BEGIN INPUT

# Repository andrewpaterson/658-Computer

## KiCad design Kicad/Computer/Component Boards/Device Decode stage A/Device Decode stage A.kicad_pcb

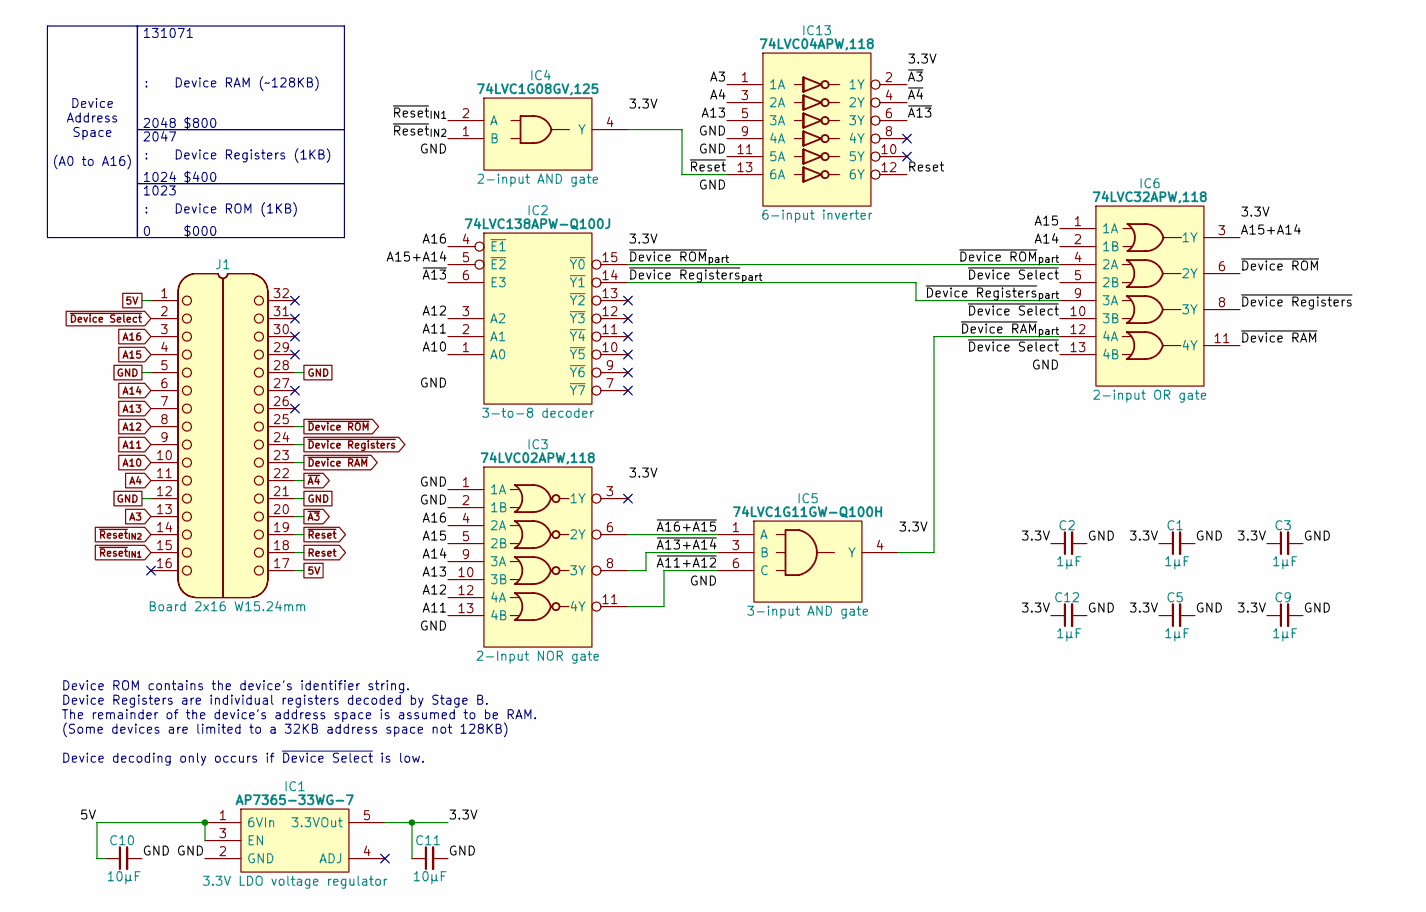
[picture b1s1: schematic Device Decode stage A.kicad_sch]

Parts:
C1, C2, C3, C5, C9, C12: 1μF; C_0805
C10, C11: 10µF; C_0805
IC1: AP7365-33WG-7; SOT95P285X130-5N; Manufacturer_Part_Number AP7365-33WG-7; Mouser Part Number 621-AP7365-33WG-7
IC2: 74LVC138APW-Q100J; SOP65P640X110-16N; Mouser Part Number 771-74LVC138APWQ100J
IC3: 74LVC02APW,118; SOP65P640X110-14N; Mouser Part Number 771-74LVC02APW-T
IC4: 74LVC1G08GV,125; SOT95P275X110-5N; Manufacturer_Part_Number 74LVC1G08GV,125; Mouser Part Number 771-74LVC1G08GV
IC5: 74LVC1G11GW-Q100H; SOP65P210X110-6N; Manufacturer_Part_Number 74LVC1G11GW-Q100H; Mouser Part Number 771-74LVC1G11GWQ100H
IC6: 74LVC32APW,118; SOP65P640X110-14N; Manufacturer_Part_Number 74LVC32APW,118; Mouser Part Number 771-74LVC32APW-T
IC13: 74LVC04APW,118; SOP65P640X110-14N; Manufacturer_Part_Number 74LVC04APW,118; Mouser Part Number 771-74LVC04APW-T
J1: Board 2x16 W15.24mm; DIP-32_Board_W15.24mm

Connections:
5V: C10.1, IC1.1 (6VIn), IC1.3 (EN), J1.1, J1.17
/3.3V: C1.1, C2.1, C3.1, C5.1, C9.1, C11.1, C12.1, IC1.5 (3.3VOut), IC2.16 (3V), IC3.14 (3V), IC4.5 (3V), IC5.5 (3V), IC6.14 (3V), IC13.14 (3V)
/A15+A14: IC2.5 (~E2), IC6.3 (1Y)
/~A11+A12: IC3.11 (4Y), IC5.6 (C)
/~A13+A14: IC3.8 (3Y), IC5.3 (B)
/~A13: IC2.6 (E3), IC13.6 (3Y)
/~A16+A15: IC3.6 (2Y), IC5.1 (A)
/~Device RAM_{part}: IC5.4 (Y), IC6.12 (4A)
/~Device ROM_{part}: IC2.15 (~Y0), IC6.4 (2A)
/~Device Registers_{part}: IC2.14 (~Y1), IC6.9 (3A)
A3: IC13.1 (1A), J1.13
A4: IC13.3 (2A), J1.11
A10: IC2.1 (A0), J1.10
A11: IC2.2 (A1), IC3.13 (4B), J1.9
A12: IC2.3 (A2), IC3.12 (4A), J1.8
A13: IC3.10 (3B), IC13.5 (3A), J1.7
A14: IC3.9 (3A), IC6.2 (1B), J1.6
A15: IC3.5 (2B), IC6.1 (1A), J1.4
A16: IC2.4 (~E1), IC3.4 (2A), J1.3
GND: C1.2, C2.2, C3.2, C5.2, C9.2, C10.2, C11.2, C12.2, IC1.2 (GND), IC2.8 (GND), IC3.1 (1A), IC3.2 (1B), IC3.7 (GND), IC4.3 (GND), IC5.2 (GND), IC6.7 (GND), IC13.7 (GND), IC13.9 (4A), IC13.11 (5A), J1.5, J1.12, J1.21, J1.28
Reset: IC13.12 (6Y), J1.18
~A3: IC13.2 (1Y), J1.20
~A4: IC13.4 (2Y), J1.22
~Device RAM: IC6.11 (4Y), J1.23
~Device ROM: IC6.6 (2Y), J1.25
~Device Registers: IC6.8 (3Y), J1.24
~Device Select: IC6.5 (2B), IC6.10 (3B), IC6.13 (4B), J1.2
~Reset: IC4.4 (Y), IC13.13 (6A), J1.19
~Reset_{IN1}: IC4.2 (A), J1.15
~Reset_{IN2}: IC4.1 (B), J1.14

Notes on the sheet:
Device ROM contains the device's identifier string. Device Registers are individual registers decoded by Stage B. The remainder of the device's address space is assumed to be RAM. (Some devices are limited to a 32KB address space not 128KB) Device decoding only occurs if ~{Device Select} is low.
$000
Device RAM (~128KB)
1023
2047
2048
$400
Device Address Space (A0 to A16)
$800
131071
1024
Device ROM (1KB)
Device Registers (1KB)

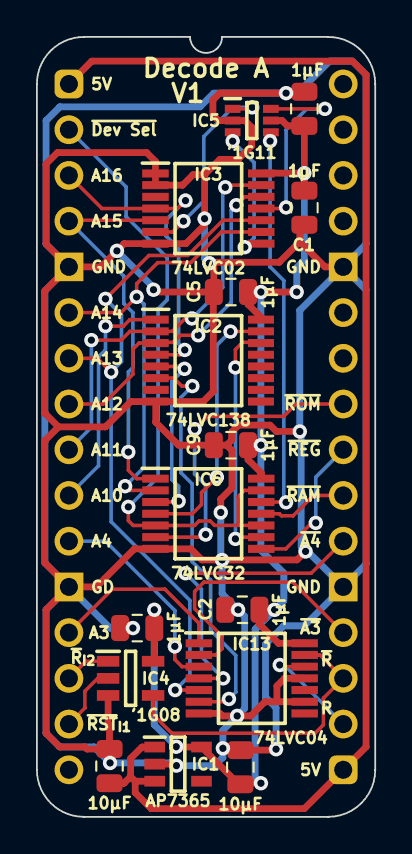
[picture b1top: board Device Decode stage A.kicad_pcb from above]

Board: 2 copper layers, 18.8 x 43.3 mm, 16 parts (0 on the bottom side), 30 nets.

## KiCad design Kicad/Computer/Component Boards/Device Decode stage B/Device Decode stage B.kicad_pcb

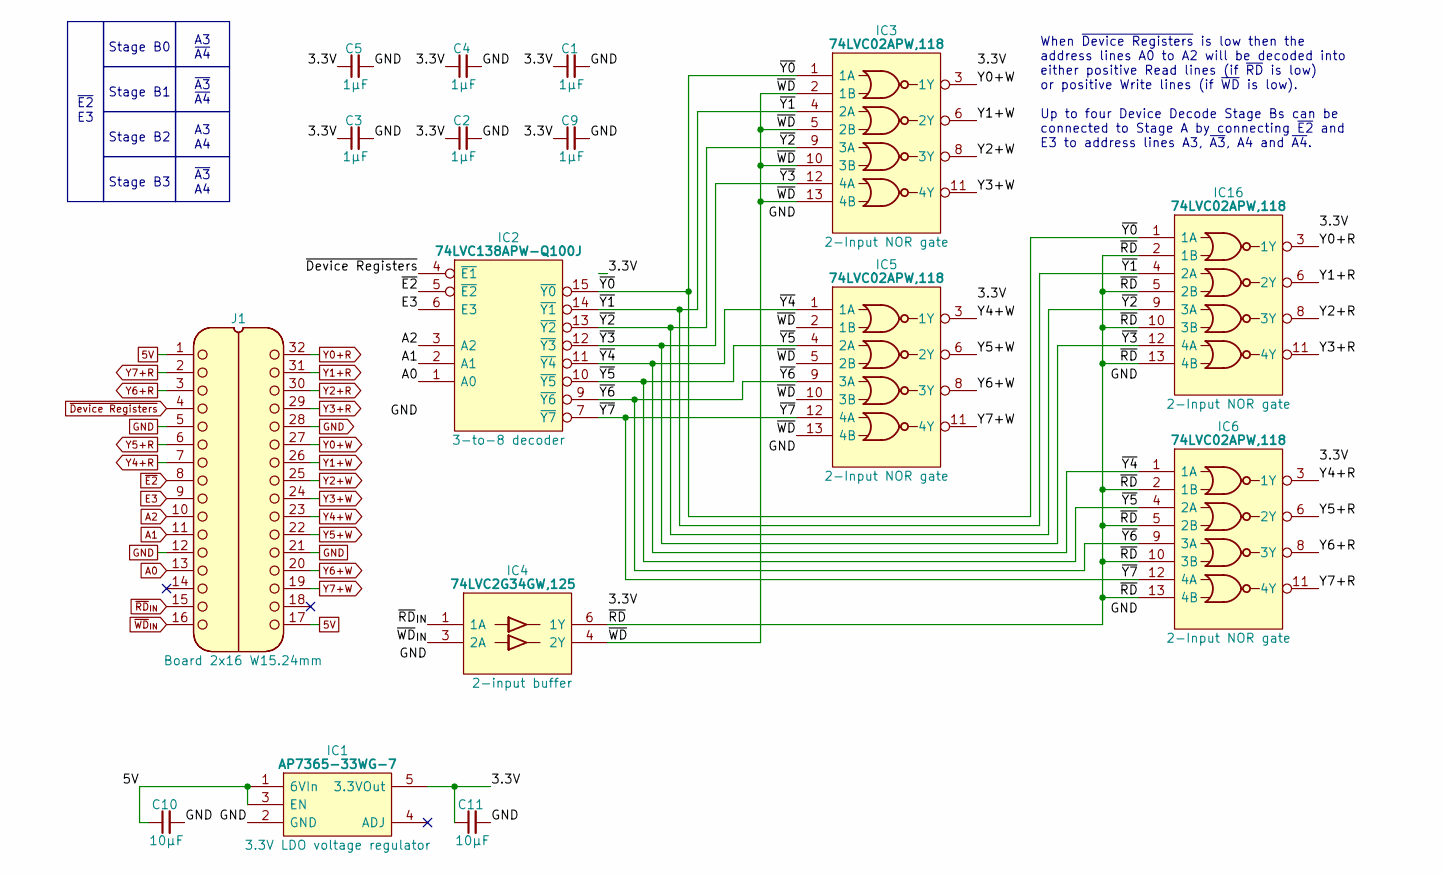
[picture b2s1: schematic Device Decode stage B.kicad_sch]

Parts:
C1, C2, C3, C4, C5, C9: 1μF; C_0805
C10, C11: 10µF; C_0805
IC1: AP7365-33WG-7; SOT95P285X130-5N; Manufacturer_Part_Number AP7365-33WG-7; Mouser Part Number 621-AP7365-33WG-7
IC2: 74LVC138APW-Q100J; SOP65P640X110-16N; Mouser Part Number 771-74LVC138APWQ100J
IC3, IC5, IC6, IC16: 74LVC02APW,118; SOP65P640X110-14N; Mouser Part Number 771-74LVC02APW-T
IC4: 74LVC2G34GW,125; 74LVC2G34GW125; Manufacturer_Part_Number 74LVC2G34GW,125; Mouser Part Number 771-LVC2G34GW125
J1: Board 2x16 W15.24mm; DIP-32_Board_W15.24mm

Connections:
5V: C10.1, IC1.1 (6VIn), IC1.3 (EN), J1.1, J1.17
/3.3V: C1.1, C2.1, C3.1, C4.1, C5.1, C9.1, C11.1, IC1.5 (3.3VOut), IC2.16 (3V), IC3.14 (3V), IC4.5 (3V), IC5.14 (3V), IC6.14 (3V), IC16.14 (3V)
/~RD: IC4.6 (1Y), IC6.2 (1B), IC6.5 (2B), IC6.10 (3B), IC6.13 (4B), IC16.2 (1B), IC16.5 (2B), IC16.10 (3B), IC16.13 (4B)
/~WD: IC3.2 (1B), IC3.5 (2B), IC3.10 (3B), IC3.13 (4B), IC4.4 (2Y), IC5.2 (1B), IC5.5 (2B), IC5.10 (3B), IC5.13 (4B)
/~Y0: IC2.15 (~Y0), IC3.1 (1A), IC16.1 (1A)
/~Y1: IC2.14 (~Y1), IC3.4 (2A), IC16.4 (2A)
/~Y2: IC2.13 (~Y2), IC3.9 (3A), IC16.9 (3A)
/~Y3: IC2.12 (~Y3), IC3.12 (4A), IC16.12 (4A)
/~Y4: IC2.11 (~Y4), IC5.1 (1A), IC6.1 (1A)
/~Y5: IC2.10 (~Y5), IC5.4 (2A), IC6.4 (2A)
/~Y6: IC2.9 (~Y6), IC5.9 (3A), IC6.9 (3A)
/~Y7: IC2.7 (~Y7), IC5.12 (4A), IC6.12 (4A)
A0: IC2.1 (A0), J1.13
A1: IC2.2 (A1), J1.11
A2: IC2.3 (A2), J1.10
E3: IC2.6 (E3), J1.9
GND: C1.2, C2.2, C3.2, C4.2, C5.2, C9.2, C10.2, C11.2, IC1.2 (GND), IC2.8 (GND), IC3.7 (GND), IC4.2 (GND), IC5.7 (GND), IC6.7 (GND), IC16.7 (GND), J1.5, J1.12, J1.21, J1.28
Y0+R: IC16.3 (1Y), J1.32
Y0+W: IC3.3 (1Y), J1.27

END INPUT

__EXERCISE DESCRIPTION__. When copying the data above, repeat every word exactly and drop the pictures.

__REPLY TO THE TASK__.
# Repository andrewpaterson/658-Computer

## KiCad design Kicad/Computer/Component Boards/Device Decode stage A/Device Decode stage A.kicad_pcb

[picture b1s1: schematic Device Decode stage A.kicad_sch]

Parts:
C1, C2, C3, C5, C9, C12: 1μF; C_0805
C10, C11: 10µF; C_0805
IC1: AP7365-33WG-7; SOT95P285X130-5N; Manufacturer_Part_Number AP7365-33WG-7; Mouser Part Number 621-AP7365-33WG-7
IC2: 74LVC138APW-Q100J; SOP65P640X110-16N; Mouser Part Number 771-74LVC138APWQ100J
IC3: 74LVC02APW,118; SOP65P640X110-14N; Mouser Part Number 771-74LVC02APW-T
IC4: 74LVC1G08GV,125; SOT95P275X110-5N; Manufacturer_Part_Number 74LVC1G08GV,125; Mouser Part Number 771-74LVC1G08GV
IC5: 74LVC1G11GW-Q100H; SOP65P210X110-6N; Manufacturer_Part_Number 74LVC1G11GW-Q100H; Mouser Part Number 771-74LVC1G11GWQ100H
IC6: 74LVC32APW,118; SOP65P640X110-14N; Manufacturer_Part_Number 74LVC32APW,118; Mouser Part Number 771-74LVC32APW-T
IC13: 74LVC04APW,118; SOP65P640X110-14N; Manufacturer_Part_Number 74LVC04APW,118; Mouser Part Number 771-74LVC04APW-T
J1: Board 2x16 W15.24mm; DIP-32_Board_W15.24mm

Connections:
5V: C10.1, IC1.1 (6VIn), IC1.3 (EN), J1.1, J1.17
/3.3V: C1.1, C2.1, C3.1, C5.1, C9.1, C11.1, C12.1, IC1.5 (3.3VOut), IC2.16 (3V), IC3.14 (3V), IC4.5 (3V), IC5.5 (3V), IC6.14 (3V), IC13.14 (3V)
/A15+A14: IC2.5 (~E2), IC6.3 (1Y)
/~A11+A12: IC3.11 (4Y), IC5.6 (C)
/~A13+A14: IC3.8 (3Y), IC5.3 (B)
/~A13: IC2.6 (E3), IC13.6 (3Y)
/~A16+A15: IC3.6 (2Y), IC5.1 (A)
/~Device RAM_{part}: IC5.4 (Y), IC6.12 (4A)
/~Device ROM_{part}: IC2.15 (~Y0), IC6.4 (2A)
/~Device Registers_{part}: IC2.14 (~Y1), IC6.9 (3A)
A3: IC13.1 (1A), J1.13
A4: IC13.3 (2A), J1.11
A10: IC2.1 (A0), J1.10
A11: IC2.2 (A1), IC3.13 (4B), J1.9
A12: IC2.3 (A2), IC3.12 (4A), J1.8
A13: IC3.10 (3B), IC13.5 (3A), J1.7
A14: IC3.9 (3A), IC6.2 (1B), J1.6
A15: IC3.5 (2B), IC6.1 (1A), J1.4
A16: IC2.4 (~E1), IC3.4 (2A), J1.3
GND: C1.2, C2.2, C3.2, C5.2, C9.2, C10.2, C11.2, C12.2, IC1.2 (GND), IC2.8 (GND), IC3.1 (1A), IC3.2 (1B), IC3.7 (GND), IC4.3 (GND), IC5.2 (GND), IC6.7 (GND), IC13.7 (GND), IC13.9 (4A), IC13.11 (5A), J1.5, J1.12, J1.21, J1.28
Reset: IC13.12 (6Y), J1.18
~A3: IC13.2 (1Y), J1.20
~A4: IC13.4 (2Y), J1.22
~Device RAM: IC6.11 (4Y), J1.23
~Device ROM: IC6.6 (2Y), J1.25
~Device Registers: IC6.8 (3Y), J1.24
~Device Select: IC6.5 (2B), IC6.10 (3B), IC6.13 (4B), J1.2
~Reset: IC4.4 (Y), IC13.13 (6A), J1.19
~Reset_{IN1}: IC4.2 (A), J1.15
~Reset_{IN2}: IC4.1 (B), J1.14

Notes on the sheet:
Device ROM contains the device's identifier string. Device Registers are individual registers decoded by Stage B. The remainder of the device's address space is assumed to be RAM. (Some devices are limited to a 32KB address space not 128KB) Device decoding only occurs if ~{Device Select} is low.
$000
Device RAM (~128KB)
1023
2047
2048
$400
Device Address Space (A0 to A16)
$800
131071
1024
Device ROM (1KB)
Device Registers (1KB)

[picture b1top: board Device Decode stage A.kicad_pcb from above]

Board: 2 copper layers, 18.8 x 43.3 mm, 16 parts (0 on the bottom side), 30 nets.

## KiCad design Kicad/Computer/Component Boards/Device Decode stage B/Device Decode stage B.kicad_pcb

[picture b2s1: schematic Device Decode stage B.kicad_sch]

Parts:
C1, C2, C3, C4, C5, C9: 1μF; C_0805
C10, C11: 10µF; C_0805
IC1: AP7365-33WG-7; SOT95P285X130-5N; Manufacturer_Part_Number AP7365-33WG-7; Mouser Part Number 621-AP7365-33WG-7
IC2: 74LVC138APW-Q100J; SOP65P640X110-16N; Mouser Part Number 771-74LVC138APWQ100J
IC3, IC5, IC6, IC16: 74LVC02APW,118; SOP65P640X110-14N; Mouser Part Number 771-74LVC02APW-T
IC4: 74LVC2G34GW,125; 74LVC2G34GW125; Manufacturer_Part_Number 74LVC2G34GW,125; Mouser Part Number 771-LVC2G34GW125
J1: Board 2x16 W15.24mm; DIP-32_Board_W15.24mm

Connections:
5V: C10.1, IC1.1 (6VIn), IC1.3 (EN), J1.1, J1.17
/3.3V: C1.1, C2.1, C3.1, C4.1, C5.1, C9.1, C11.1, IC1.5 (3.3VOut), IC2.16 (3V), IC3.14 (3V), IC4.5 (3V), IC5.14 (3V), IC6.14 (3V), IC16.14 (3V)
/~RD: IC4.6 (1Y), IC6.2 (1B), IC6.5 (2B), IC6.10 (3B), IC6.13 (4B), IC16.2 (1B), IC16.5 (2B), IC16.10 (3B), IC16.13 (4B)
/~WD: IC3.2 (1B), IC3.5 (2B), IC3.10 (3B), IC3.13 (4B), IC4.4 (2Y), IC5.2 (1B), IC5.5 (2B), IC5.10 (3B), IC5.13 (4B)
/~Y0: IC2.15 (~Y0), IC3.1 (1A), IC16.1 (1A)
/~Y1: IC2.14 (~Y1), IC3.4 (2A), IC16.4 (2A)
/~Y2: IC2.13 (~Y2), IC3.9 (3A), IC16.9 (3A)
/~Y3: IC2.12 (~Y3), IC3.12 (4A), IC16.12 (4A)
/~Y4: IC2.11 (~Y4), IC5.1 (1A), IC6.1 (1A)
/~Y5: IC2.10 (~Y5), IC5.4 (2A), IC6.4 (2A)
/~Y6: IC2.9 (~Y6), IC5.9 (3A), IC6.9 (3A)
/~Y7: IC2.7 (~Y7), IC5.12 (4A), IC6.12 (4A)
A0: IC2.1 (A0), J1.13
A1: IC2.2 (A1), J1.11
A2: IC2.3 (A2), J1.10
E3: IC2.6 (E3), J1.9
GND: C1.2, C2.2, C3.2, C4.2, C5.2, C9.2, C10.2, C11.2, IC1.2 (GND), IC2.8 (GND), IC3.7 (GND), IC4.2 (GND), IC5.7 (GND), IC6.7 (GND), IC16.7 (GND), J1.5, J1.12, J1.21, J1.28
Y0+R: IC16.3 (1Y), J1.32
Y0+W: IC3.3 (1Y), J1.27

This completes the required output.